======== SUPPLIED DATA

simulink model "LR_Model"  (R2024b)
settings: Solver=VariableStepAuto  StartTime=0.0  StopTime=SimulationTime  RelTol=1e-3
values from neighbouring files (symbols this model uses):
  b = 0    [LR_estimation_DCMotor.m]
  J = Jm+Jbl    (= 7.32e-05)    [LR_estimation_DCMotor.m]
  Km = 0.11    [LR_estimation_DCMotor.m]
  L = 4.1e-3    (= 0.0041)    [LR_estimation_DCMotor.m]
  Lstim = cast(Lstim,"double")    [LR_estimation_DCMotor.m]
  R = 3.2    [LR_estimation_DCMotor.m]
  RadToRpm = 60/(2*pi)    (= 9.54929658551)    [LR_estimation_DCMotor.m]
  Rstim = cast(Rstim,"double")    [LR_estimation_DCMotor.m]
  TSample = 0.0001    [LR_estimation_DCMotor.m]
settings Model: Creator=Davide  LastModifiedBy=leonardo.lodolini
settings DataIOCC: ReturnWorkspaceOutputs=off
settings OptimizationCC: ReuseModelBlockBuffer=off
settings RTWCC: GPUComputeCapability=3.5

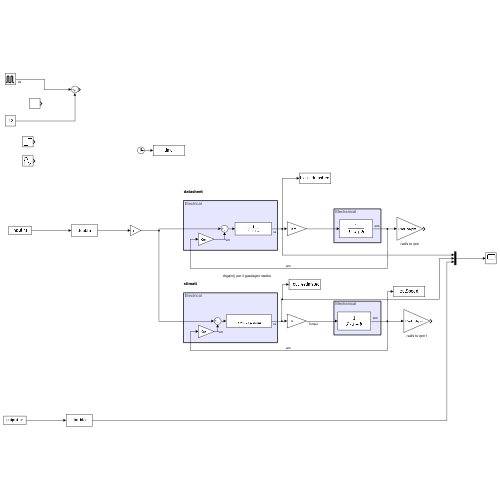
[thumbnail: Simulink's stored preview of the top-level diagram]
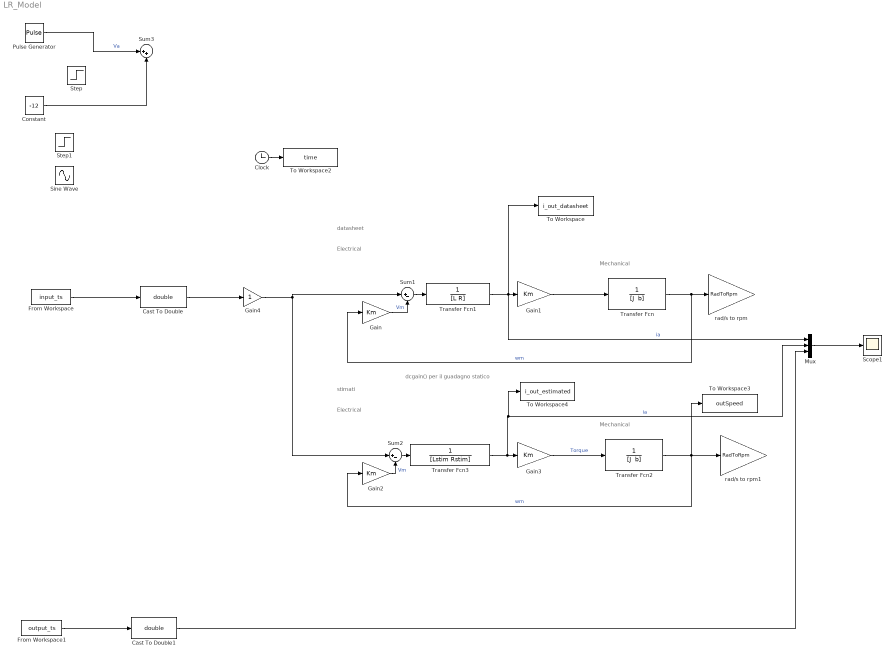
== system LR_Model ==
  note: datasheet
  note: dcgain() per il guadagno statico
  note: Electrical
  note: Mechanical
  note: Electrical
  note: Mechanical
  note: stimati
  Cast To Double : DataTypeConversion  OutDataTypeStr=double  SaturateOnIntegerOverflow=off  RndMeth=Floor
  Cast To Double1 : DataTypeConversion  OutDataTypeStr=double  SaturateOnIntegerOverflow=off  RndMeth=Floor
  Clock : Clock
  Constant : Constant  Value=-12
  From Workspace : FromWorkspace  VariableName=input_ts  SampleTime=TSample
  From Workspace1 : FromWorkspace  VariableName=output_ts  SampleTime=TSample
  Gain{,1..3} (4 alike) : Gain  Gain=Km
  Gain4 : Gain
  Mux : Mux  Inputs=3
  Pulse Generator : DiscretePulseGenerator  PulseType=Time based  Amplitude=24  Period=1  PulseWidth=20  PhaseDelay=-0.002
  Scope1 : Scope
  Sine Wave : Sin  Amplitude=12  Frequency=150  SampleTime=0
  Step : Step  Time=0  After=24  SampleTime=TSample
  Step1 : Step  Time=0  After=24  SampleTime=TSample
  Sum1 : Sum  Inputs=|+-
  Sum2 : Sum  Inputs=|+-
  Sum3 : Sum  Inputs=|++
  To Workspace : ToWorkspace  VariableName=i_out_datasheet  SampleTime=TSample
  To Workspace2 : ToWorkspace  VariableName=time  SampleTime=TSample
  To Workspace3 : ToWorkspace  VariableName=outSpeed  SampleTime=TSample
  To Workspace4 : ToWorkspace  VariableName=i_out_estimated  SampleTime=TSample
  Transfer Fcn : TransferFcn  Denominator="[J  b]"
  Transfer Fcn1 : TransferFcn  Denominator=[L R]
  Transfer Fcn2 : TransferFcn  Denominator="[J  b]"
  Transfer Fcn3 : TransferFcn  Denominator=[Lstim Rstim]
  rad/s to rpm : Gain  Gain=RadToRpm  SaturateOnIntegerOverflow=on  OutDataTypeStr=Inherit: Same as input  ParamDataTypeStr=Inherit: Same as input
  rad/s to rpm1 : Gain  Gain=RadToRpm  SaturateOnIntegerOverflow=on  OutDataTypeStr=Inherit: Same as input  ParamDataTypeStr=Inherit: Same as input
  wires:
  Transfer Fcn/1 -> rad/s to rpm/1, Gain/1  "wm"
  Transfer Fcn1/1 -> Mux/1, To Workspace/1, Gain1/1  "ia"
  Sum1/1 -> Transfer Fcn1/1
  Gain/1 -> Sum1/2  "Vm"
  Sum2/1 -> Transfer Fcn3/1
  Gain3/1 -> Transfer Fcn2/1  "Torque"
  Transfer Fcn3/1 -> To Workspace4/1, Mux/2, Gain3/1  "ia"
  Transfer Fcn2/1 -> To Workspace3/1, Gain2/1, rad/s to rpm1/1  "wm"
  Gain2/1 -> Sum2/2  "Vm"
  Mux/1 -> Scope1/1
  Gain1/1 -> Transfer Fcn/1
  Clock/1 -> To Workspace2/1
  Constant/1 -> Sum3/2
  From Workspace/1 -> Cast To Double/1
  Pulse Generator/1 -> Sum3/1  "Va"
  Gain4/1 -> Sum2/1, Sum1/1
  Cast To Double/1 -> Gain4/1
  From Workspace1/1 -> Cast To Double1/1
  Cast To Double1/1 -> Mux/3

================

- YOUR ASSIGNMENT
Every line from the one containing "rad/s to rpm1 : Gain" through the last line of the entries above must be output exactly. Leave the rest out.

- ANSWER SECTION
  rad/s to rpm1 : Gain  Gain=RadToRpm  SaturateOnIntegerOverflow=on  OutDataTypeStr=Inherit: Same as input  ParamDataTypeStr=Inherit: Same as input
  wires:
  Transfer Fcn/1 -> rad/s to rpm/1, Gain/1  "wm"
  Transfer Fcn1/1 -> Mux/1, To Workspace/1, Gain1/1  "ia"
  Sum1/1 -> Transfer Fcn1/1
  Gain/1 -> Sum1/2  "Vm"
  Sum2/1 -> Transfer Fcn3/1
  Gain3/1 -> Transfer Fcn2/1  "Torque"
  Transfer Fcn3/1 -> To Workspace4/1, Mux/2, Gain3/1  "ia"
  Transfer Fcn2/1 -> To Workspace3/1, Gain2/1, rad/s to rpm1/1  "wm"
  Gain2/1 -> Sum2/2  "Vm"
  Mux/1 -> Scope1/1
  Gain1/1 -> Transfer Fcn/1
  Clock/1 -> To Workspace2/1
  Constant/1 -> Sum3/2
  From Workspace/1 -> Cast To Double/1
  Pulse Generator/1 -> Sum3/1  "Va"
  Gain4/1 -> Sum2/1, Sum1/1
  Cast To Double/1 -> Gain4/1
  From Workspace1/1 -> Cast To Double1/1
  Cast To Double1/1 -> Mux/3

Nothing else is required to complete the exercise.